Data items
= = = =

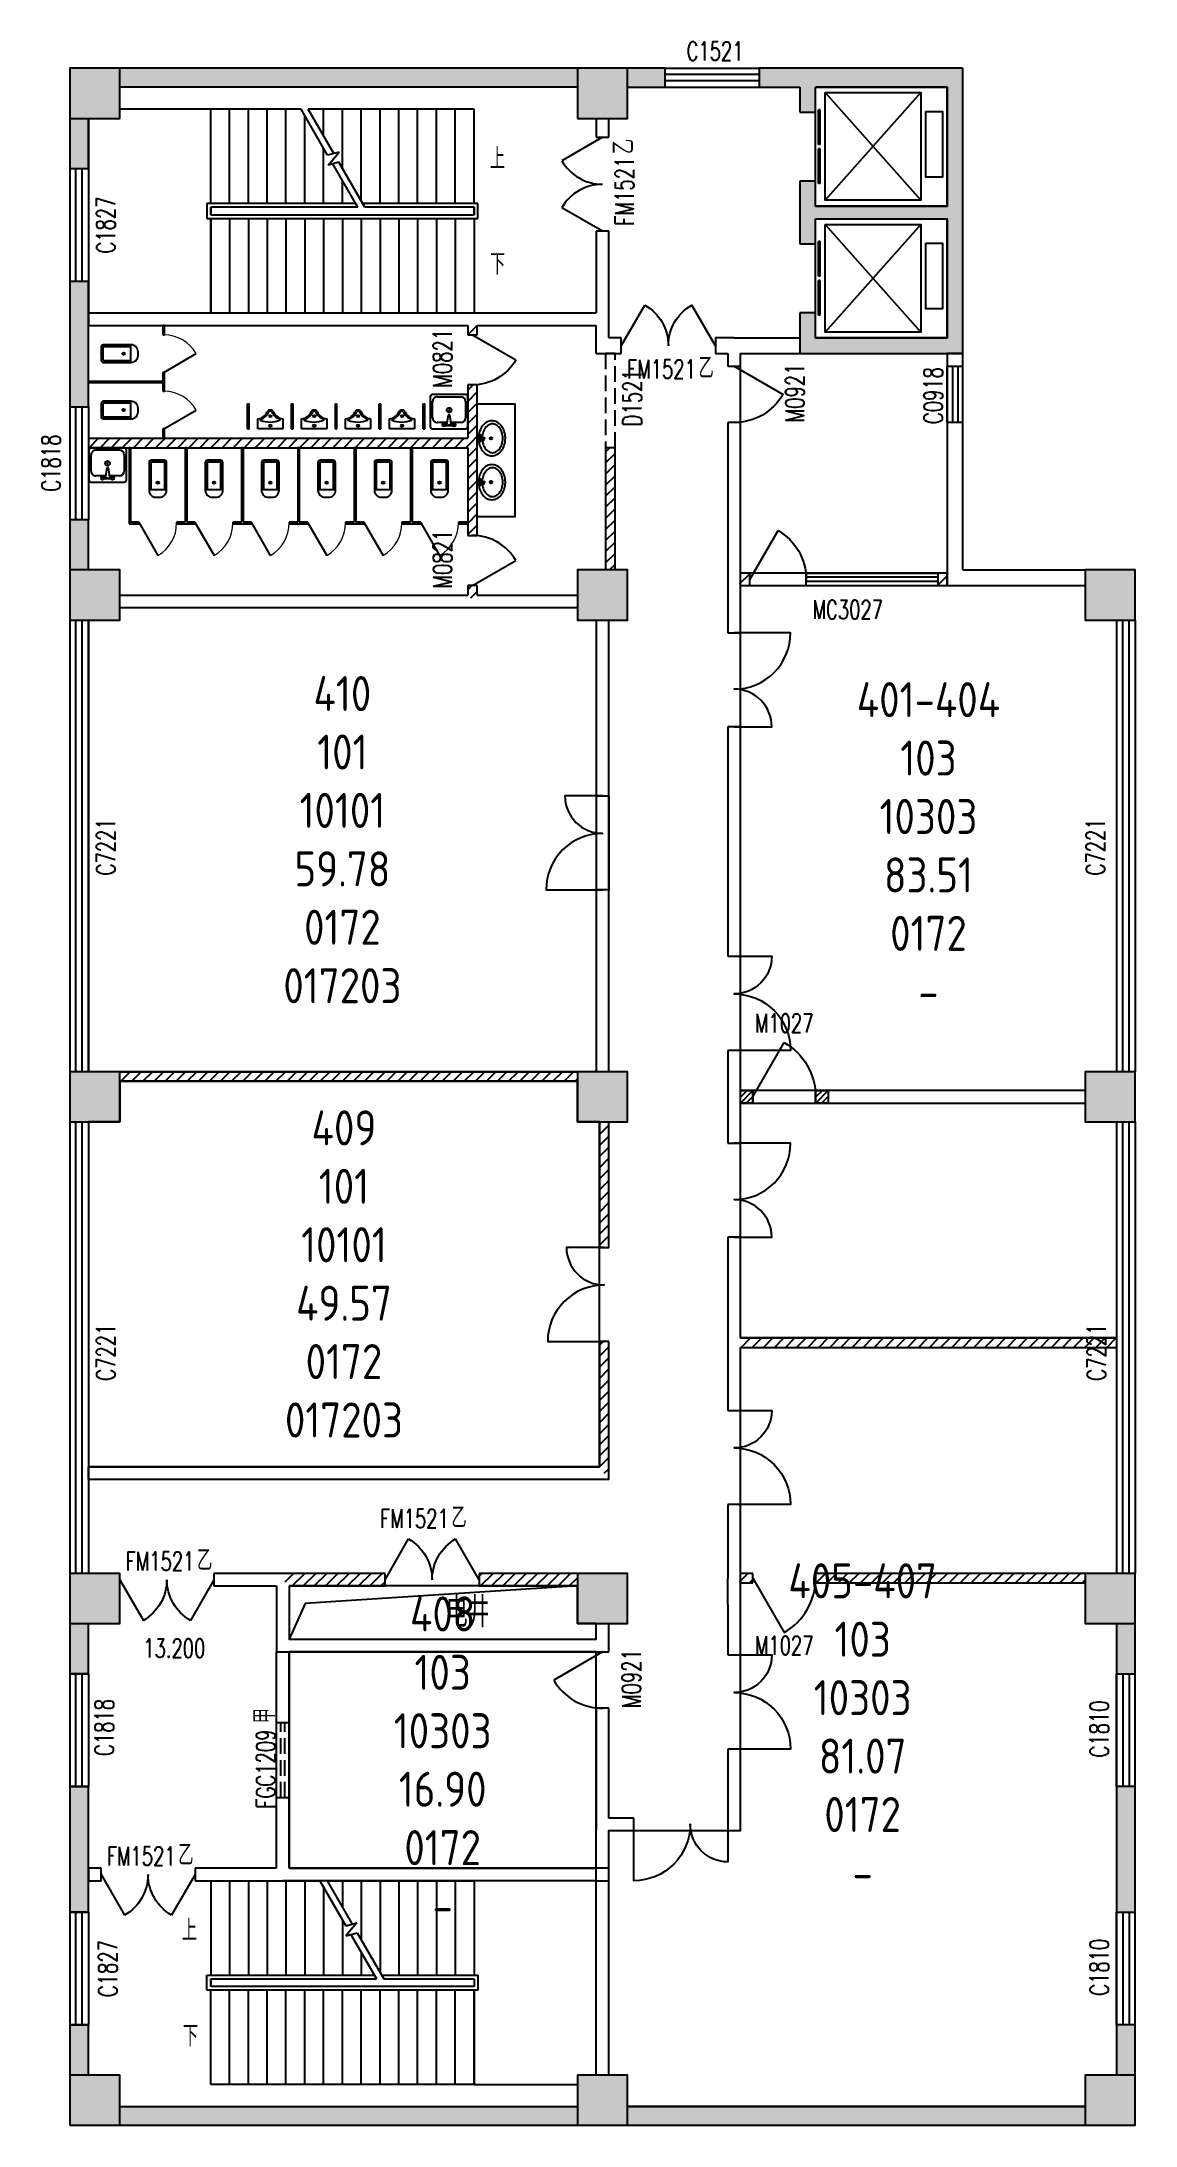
# Model space of a CAD drawing. Extents: x 203712 to 221160, y 60075 to 93299.
import ezdxf

# ---------------------------------------------------------------- set-up
doc = ezdxf.new("R2010")
doc.units = 0
doc.header["$LTSCALE"] = 1000
doc.header["$MEASUREMENT"] = 0
doc.linetypes.add('DASH', pattern=[0.35, 0.25, -0.1])
for name, color, linetype in [('bady', 30, 'Continuous'), ('PUB_HATCH', 8, 'Continuous'), ('RM', 4, 'Continuous'), ('RM$', 5, 'Continuous'), ('RM$TXT', 5, 'Continuous')]:
    doc.layers.add(name, color=color, linetype=linetype)
doc.styles.add('_TCH_DIM', font='SIMPLEX', dxfattribs={"bigfont": 'GBCBIG'})
doc.styles.add('_TCH_WINDOW', font='SIMPLEX', dxfattribs={"bigfont": 'GBCBIG'})
doc.styles.get("Standard").update_dxf_attribs({"font": 'gbenor.shx', "bigfont": 'gbcbig.shx'})
pattern_1 = [(45, (0, 89.76), (-88.38838, 88.38838), [])]

# ---------------------------------------------------------------- blocks, each defined once
blk = doc.blocks.new('_FZH')
blk.add_lwpolyline([(-0.5, -0.5), (0.5, -0.5), (0.5, 0.5), (-0.5, 0.5)], close=True)
at = {"layer": 'PUB_HATCH'}
blk.add_solid([(-0.5, -0.5), (0.5, -0.5), (-0.5, 0.5), (0.5, 0.5)], dxfattribs=at)
blk = doc.blocks.new('$WINLIB2D$00000001')
at = {"color": 0}
for points in [[(-0.5, 0.5), (-0.5, -0.5)], [(-0.5, 0.5), (0.5, 0.5)], [(0.5, -0.5), (0.5, 0.5)], [(0.5, 0.1667), (-0.5, 0.1667)], [(0.5, -0.1667), (-0.5, -0.1667)], [(-0.5, -0.5), (0.5, -0.5)]]:
    blk.add_lwpolyline(points, dxfattribs=at)
blk = doc.blocks.new('$DorLib2D$00000127')
at = {"color": 0, "linetype": 'Continuous'}
for p, q in [((-0.033, 0.795, -93.75), (-0.533, 0.795, -93.75)), ((-0.533, 0.795, -93.75), (-0.533, 0.69, -93.75)), ((-0.033, 0.69, -93.75), (-0.533, 0.69, -93.75)), ((-0.033, 0.795, -93.75), (-0.033, 0.69, -93.75)), ((0.033, 0.795, -93.75), (0.033, 0.69, -93.75)), ((0.533, 0.795, -93.75), (0.033, 0.795, -93.75)), ((0.533, 0.69, -93.75), (0.033, 0.69, -93.75)), ((0.533, 0.795, -93.75), (0.533, 0.69, -93.75)), ((0.5, 0.5, -93.75), (-0.5, 0.5, -93.75))]:
    blk.add_line(p, q, dxfattribs=at)
blk = doc.blocks.new('$DorLib2D$00000231')
at = {"color": 0}
for p, q in [((-0.5, 0), (-0.25, 0.433)), ((0.5, 0), (0.25, 0.433))]:
    blk.add_line(p, q, dxfattribs=at)
for centre, start, end in [((-0.5, 0), 0, 60), ((0.5, 0), 120, 180)]:
    blk.add_arc(centre, 0.5, start, end, dxfattribs=at)
blk = doc.blocks.new('$DorLib2D$00000228')
at = {"color": 0}
blk.add_line((0.5, 0), (0, 0.866), dxfattribs=at)
blk.add_arc((0.5, 0), 1, 120, 180, dxfattribs=at)
blk = doc.blocks.new('$lvtry$00000193')
at = {"color": 0}
for p, q in [((-17, -43), (-17, -33)), ((17, -43), (17, -33))]:
    blk.add_line(p, q, dxfattribs=at)
blk.add_lwpolyline([(280, -215, 0.12431), (260, -136, 0.105707), (198, -63, 0.086941), (110, -17, 0.077137), (0, 0, 0.077137), (-110, -17, 0.086941), (-198, -63, 0.105707), (-260, -136, 0.12431), (-280, -215, 0.12431), (-260, -294, 0.105707), (-198, -367, 0.086941), (-110, -413, 0.077137), (0, -430, 0.077137), (110, -413, 0.086941), (198, -367, 0.105707), (260, -294, 0.12431)], format="xyb", close=True, dxfattribs=at)
blk.add_lwpolyline([(-25, -61, 0.056876), (-95, -75, 0.086941), (-168, -113, 0.105707), (-216, -170, 0.12431), (-230, -225, 0.12431), (-216, -280, 0.105707), (-168, -337, 0.086941), (-95, -375, 0.077137), (0, -390, 0.077137), (95, -375, 0.086941), (168, -337, 0.105707), (216, -280, 0.12431), (230, -225, 0.12431), (216, -170, 0.105707), (168, -113, 0.086941), (95, -75, 0.06676), (13, -60, 0.06676)], format="xyb", dxfattribs=at)
for centre, radius in [((0, -200), 20), ((0, -43), 16.7)]:
    blk.add_circle(centre, radius, dxfattribs=at)
for centre, radius, start, end in [((-40, -34), 10.1, 106.6096, 258.1648), ((-64, 234), 259, 274.7069, 282.3732), ((-75, -213), 173, 71.36, 79.1873), ((-29, -80), 6.77, 155.344, 308.3224), ((-171, 19), 166, 324.8411, 338.1337), ((-171, 19), 170, 324.8411, 331.3523), ((-29, -80), 3.37, 155.344, 308.3224), ((100, -194), 170, 132.3141, 138.8253), ((100, -194), 166, 125.5327, 138.8253), ((-12, -58), 10.6, 201.8924, 261.774), ((0, -33), 16.7, 0, 180), ((-381, -115), 372, 2.3982, 6.7627), ((0, -96), 9.9, 201.7837, 338.2163), ((64, 234), 259, 257.6268, 265.2931), ((381, -115), 372, 170.1008, 177.6018), ((75, -213), 173, 100.8127, 110.4191), ((40, -34), 10.1, 281.8352, 73.3904)]:
    blk.add_arc(centre, radius, start, end, dxfattribs=at)
for p in [(0, -43), (0, -200)]:
    blk.add_point(p, dxfattribs=at)
blk = doc.blocks.new('$lvtry$00000202')
at = {"color": 0}
for p, q in [((-110, -40, 0), (-110, -470, 0)), ((100, -30, 0), (-100, -30, 0)), ((110, -470, 0), (110, -40, 0)), ((140, -470, 0), (-140, -470, 0))]:
    blk.add_line(p, q, dxfattribs=at)
at = {"color": 0, "elevation": 0}
blk.add_lwpolyline([(140, -40, 0.414214), (100, 0), (-100, 0, 0.414214), (-140, -40), (-140, -480, 0.414214), (-30, -590), (30, -590, 0.414214), (140, -480)], format="xyb", close=True, dxfattribs=at)
at = {"color": 0}
blk.add_circle((0, -359, 0), 20, dxfattribs=at)
for centre, start, end in [((-100, -40, 0), 90, 180), ((100, -40, 0), 0, 90)]:
    blk.add_arc(centre, 10, start, end, dxfattribs=at)
for p in [(0, 0, 0), (0, -359, 0)]:
    blk.add_point(p, dxfattribs=at)
blk = doc.blocks.new('$TCHSYS$APDOOR2D')
blk.add_line((0.5, 0), (0, 0.866))
at = {"lineweight": 13}
blk.add_arc((0.5, 0), 1, 120, 180, dxfattribs=at)
blk = doc.blocks.new('$lvtry$00000222')
at = {"color": 0, "elevation": 0}
blk.add_lwpolyline([(-205, -191), (-205, 0), (205, 0), (205, -191, 0.268068), (51, -323, -0.317765), (0, -360, -0.317765), (-51, -323, 0.268068)], format="xyb", close=True, dxfattribs=at)
at = {"color": 0}
for centre in [(0, -60, 0), (0, -242, 0)]:
    blk.add_circle(centre, 20, dxfattribs=at)
for centre, radius, start, end in [((-152, -175, 0), 10, 114.1084, 248.1394), ((5, -526, 0), 395, 66.6675, 114.1084), ((-243, -401, 0), 233, 19.2639, 68.1394), ((0, -316, 0), 24, 199.2639, 269.4998), ((0, -316, 0), 24, 270.5002, 340.7361), ((243, -401, 0), 233, 110.4941, 160.7361), ((158, -173, 0), 10, 290.4941, 66.6675)]:
    blk.add_arc(centre, radius, start, end, dxfattribs=at)
for p in [(0, -60, 0), (0, -242, 0)]:
    blk.add_point(p, dxfattribs=at)
blk = doc.blocks.new('$lvtry$00000188')
at = {"color": 0, "linetype": 'ByBlock'}
for p, q in [((-262, -437, 0), (-262, -175, 0)), ((-187, -100, 0), (-31, -100, 0)), ((-41, -53, 0), (-12, -225, 0)), ((-38, -50, 0), (38, -50, 0)), ((-12, -225, 0), (12, -225, 0)), ((12, -225, 0), (41, -53, 0)), ((31, -100, 0), (187, -100, 0)), ((262, -175, 0), (262, -437, 0)), ((187, -512, 0), (-187, -512, 0))]:
    blk.add_line(p, q, dxfattribs=at)
at = {"color": 0, "linetype": 'ByBlock', "elevation": 0}
blk.add_lwpolyline([(-262, 0, 0.414214), (-300, -37), (-300, -512, 0.414214), (-262, -549), (262, -549, 0.414214), (300, -512), (300, -37, 0.414214), (262, 0)], format="xyb", close=True, dxfattribs=at)
blk.add_lwpolyline([(262, -175, 0.414214), (187, -100)], format="xyb", dxfattribs=at)
at = {"color": 0, "linetype": 'ByBlock'}
for centre, radius in [((-80, -62, 0), 25), ((-80, -62, 0), 20), ((0, -300, 0), 37.4), ((80, -62, 0), 25), ((80, -62, 0), 20)]:
    blk.add_circle(centre, radius, dxfattribs=at)
for centre, radius, start, end in [((-187, -175, 0), 74.9, 90, 180), ((-38, -53, 0), 3, 90, 189.4623), ((38, -53, 0), 3, 350.5377, 90), ((-187, -437, 0), 74.9, 180, 270), ((187, -437, 0), 74.9, 270, 0)]:
    blk.add_arc(centre, radius, start, end, dxfattribs=at)
at = {"color": 0}
for p in [(0, -65, 0), (0, -300, 0)]:
    blk.add_point(p, dxfattribs=at)

msp = doc.modelspace()

# ---------------------------------------------------------------- hatches: boundary and pattern name
at = {"layer": 'bady'}
for points in [[(204960, 92875), (204960, 92575), (212260, 92575), (212260, 92875)], [(213060, 92875), (213060, 92575), (213660, 92575), (213660, 92875)], [(216054, 92875), (215160, 92875), (215160, 92575), (215810, 92575), (215975, 92675)], [(218160, 92575), (218410, 92875), (216054, 92875), (215975, 92675), (216060, 92575)], [(218244, 90608), (218410, 90675), (218410, 92875), (218160, 92575), (218160, 90675)], [(215810, 92575), (215810, 92175), (216060, 92175), (216060, 92575), (215975, 92675)], [(204460, 92075), (204160, 92075), (204160, 91275), (204460, 91275)], [(216060, 90675), (216060, 91075), (215810, 91075), (215810, 90675), (215977, 90608)], [(215810, 90675), (215810, 90075), (216060, 90075), (216060, 90475), (215977, 90608)], [(215977, 90608), (216060, 90475), (218160, 90475), (218244, 90608), (218160, 90675), (216060, 90675)], [(218160, 88575), (218410, 88325), (218410, 90675), (218244, 90608), (218160, 90475)], [(204460, 87475), (204460, 89475), (204160, 89475), (204160, 87475)], [(216060, 88575), (216060, 88975), (215810, 88975), (215810, 88325)], [(216060, 88575), (215810, 88325), (218410, 88325), (218160, 88575)], [(204160, 84875), (204460, 84875), (204460, 85675), (204160, 85675)], [(204460, 68075), (204160, 68075), (204160, 67275), (204460, 67275)], [(221160, 68075), (220860, 68075), (220860, 67275), (221160, 67275)], [(204460, 63475), (204460, 65475), (204160, 65475), (204160, 63475)], [(220860, 65475), (220860, 63475), (221160, 63475), (221160, 65475)], [(204160, 60875), (204460, 60875), (204460, 61675), (204160, 61675)], [(220860, 60875), (221160, 60875), (221160, 61675), (220860, 61675)], [(212260, 60075), (212260, 60375), (204960, 60375), (204960, 60075)], [(220360, 60075), (220360, 60375), (213060, 60375), (213060, 60075)]]:
    msp.add_hatch(color=30, dxfattribs=at).paths.add_polyline_path(points)
h = msp.add_hatch(dxfattribs=at)
h.set_pattern_fill('普通砖', color=30, scale=50, style=0)
h.set_pattern_definition(pattern_1)
h.paths.add_polyline_path([(210510, 88775), (210510, 88625), (210660, 88625), (210660, 88775), (210585, 88842)])
h = msp.add_hatch(dxfattribs=at)
h.set_pattern_fill('普通砖', color=30, scale=50, style=0)
h.set_pattern_definition(pattern_1)
h.paths.add_polyline_path([(210660, 86900), (210660, 87825), (210510, 87825), (210510, 86975), (210560, 86900)])
h = msp.add_hatch(dxfattribs=at)
h.set_pattern_fill('普通砖', color=30, scale=50, style=0)
h.set_pattern_definition(pattern_1)
h.paths.add_polyline_path([(204460, 86825), (205660, 86825), (205660, 86975), (204460, 86975)])
h = msp.add_hatch(dxfattribs=at)
h.set_pattern_fill('普通砖', color=30, scale=50, style=0)
h.set_pattern_definition(pattern_1)
h.paths.add_polyline_path([(205660, 86975), (205660, 86825), (210510, 86825), (210560, 86900), (210510, 86975)])
h = msp.add_hatch(dxfattribs=at)
h.set_pattern_fill('普通砖', color=30, scale=50, style=0)
h.set_pattern_definition(pattern_1)
h.paths.add_polyline_path([(210510, 86825), (210510, 85425), (210660, 85425), (210660, 86900), (210560, 86900)])
h = msp.add_hatch(dxfattribs=at)
h.set_pattern_fill('普通砖', color=30, scale=50, style=0)
h.set_pattern_definition(pattern_1)
h.paths.add_polyline_path([(212860, 84875), (212860, 86825), (212710, 86825), (212710, 84875)])
h = msp.add_hatch(dxfattribs=at)
h.set_pattern_fill('普通砖', color=30, scale=50, style=0)
h.set_pattern_definition(pattern_1)
h.paths.add_polyline_path([(214860, 84625), (215010, 84625), (215010, 84825), (214860, 84825), (214794, 84758)])
h = msp.add_hatch(dxfattribs=at)
h.set_pattern_fill('普通砖', color=30, scale=50, style=0)
h.set_pattern_definition(pattern_1)
h.paths.add_polyline_path([(218160, 84825), (218010, 84825), (218010, 84625), (218160, 84625)])
h = msp.add_hatch(dxfattribs=at)
h.set_pattern_fill('普通砖', color=30, scale=50, style=0)
h.set_pattern_definition(pattern_1)
h.paths.add_polyline_path([(210660, 84475), (210660, 84625), (210510, 84625), (210510, 84475), (210585, 84408)])
h = msp.add_hatch(dxfattribs=at)
h.set_pattern_fill('普通砖', color=30, scale=50, style=0)
h.set_pattern_definition(pattern_1)
h.paths.add_polyline_path([(204960, 76875), (204960, 76725), (212260, 76725), (212260, 76875)])
h = msp.add_hatch(dxfattribs=at)
h.set_pattern_fill('ANSI31', color=30, scale=41.666667, style=0)
h.set_pattern_definition([(45, (214860.384, 76375), (-46.772, 46.772), [])])
h.paths.add_polyline_path([(215060, 76575), (214860, 76575), (214860, 76375), (215060, 76375)])
h = msp.add_hatch(dxfattribs=at)
h.set_pattern_fill('ANSI31', color=30, scale=41.666667, style=0)
h.set_pattern_definition([(45, (216060.384, 76375), (-46.772, 46.772), [])])
h.paths.add_polyline_path([(216260, 76575), (216060, 76575), (216060, 76375), (216260, 76375)])
h = msp.add_hatch(dxfattribs=at)
h.set_pattern_fill('普通砖', color=30, scale=50, style=0)
h.set_pattern_definition(pattern_1)
h.paths.add_polyline_path([(212610, 76075), (212610, 74074), (212760, 74074), (212760, 76075)])
h = msp.add_hatch(dxfattribs=at)
h.set_pattern_fill('普通砖', color=30, scale=50, style=0)
h.set_pattern_definition(pattern_1)
h.paths.add_polyline_path([(212760, 70375), (212760, 72574), (212610, 72574), (212610, 70575)])
h = msp.add_hatch(dxfattribs=at)
h.set_pattern_fill('普通砖', color=30, scale=50, style=0)
h.set_pattern_definition(pattern_1)
h.paths.add_polyline_path([(214794, 72555), (214860, 72480), (220860, 72480), (220860, 72630), (214860, 72630)])
h = msp.add_hatch(dxfattribs=at)
h.set_pattern_fill('普通砖', color=30, scale=50, style=0)
h.set_pattern_definition(pattern_1)
h.paths.add_polyline_path([(207660, 68675), (209191, 68675), (209191, 68875), (207660, 68875), (207594, 68742)])
h = msp.add_hatch(dxfattribs=at)
h.set_pattern_fill('普通砖', color=30, scale=50, style=0)
h.set_pattern_definition(pattern_1)
h.paths.add_polyline_path([(212260, 68675), (212260, 68875), (210691, 68875), (210691, 68675)])
h = msp.add_hatch(dxfattribs=at)
h.set_pattern_fill('普通砖', color=30, scale=50, style=0)
h.set_pattern_definition(pattern_1)
h.paths.add_polyline_path([(214860, 68725), (215060, 68725), (215060, 68875), (214860, 68875), (214794, 68800)])
h = msp.add_hatch(dxfattribs=at)
h.set_pattern_fill('普通砖', color=30, scale=50, style=0)
h.set_pattern_definition(pattern_1)
h.paths.add_polyline_path([(220360, 68725), (220360, 68875), (216060, 68875), (216060, 68725)])

# ---------------------------------------------------------------- linework, layer by layer
at = {"layer": 'bady', "color": 30}
for p, q in [((212260, 92875), (204960, 92875)), ((213660, 92875), (213060, 92875)), ((213660, 92575), (213660, 92875)), ((216054, 92875), (215160, 92875)), ((215160, 92875), (215160, 92575)), ((218410, 92875), (216054, 92875)), ((218410, 90675), (218410, 92875)), ((212260, 92575), (204960, 92575)), ((213060, 92575), (213660, 92575)), ((215160, 92575), (215810, 92575)), ((215810, 92575), (215810, 92175)), ((216060, 92175), (216060, 92575)), ((218160, 92575), (216060, 92575)), ((217736, 92486), (216213, 90769)), ((216213, 92486), (217736, 90769)), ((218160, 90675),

= = = =

#### Goal of the exercise:
Give back exactly the lines from the first line of the data through the line with "doc.linetypes.add('DASH', pattern=[0.35, 0.25, -0.1])", pictures excluded.

#### Expected answer:
# Model space of a CAD drawing. Extents: x 203712 to 221160, y 60075 to 93299.
import ezdxf

# ---------------------------------------------------------------- set-up
doc = ezdxf.new("R2010")
doc.units = 0
doc.header["$LTSCALE"] = 1000
doc.header["$MEASUREMENT"] = 0
doc.linetypes.add('DASH', pattern=[0.35, 0.25, -0.1])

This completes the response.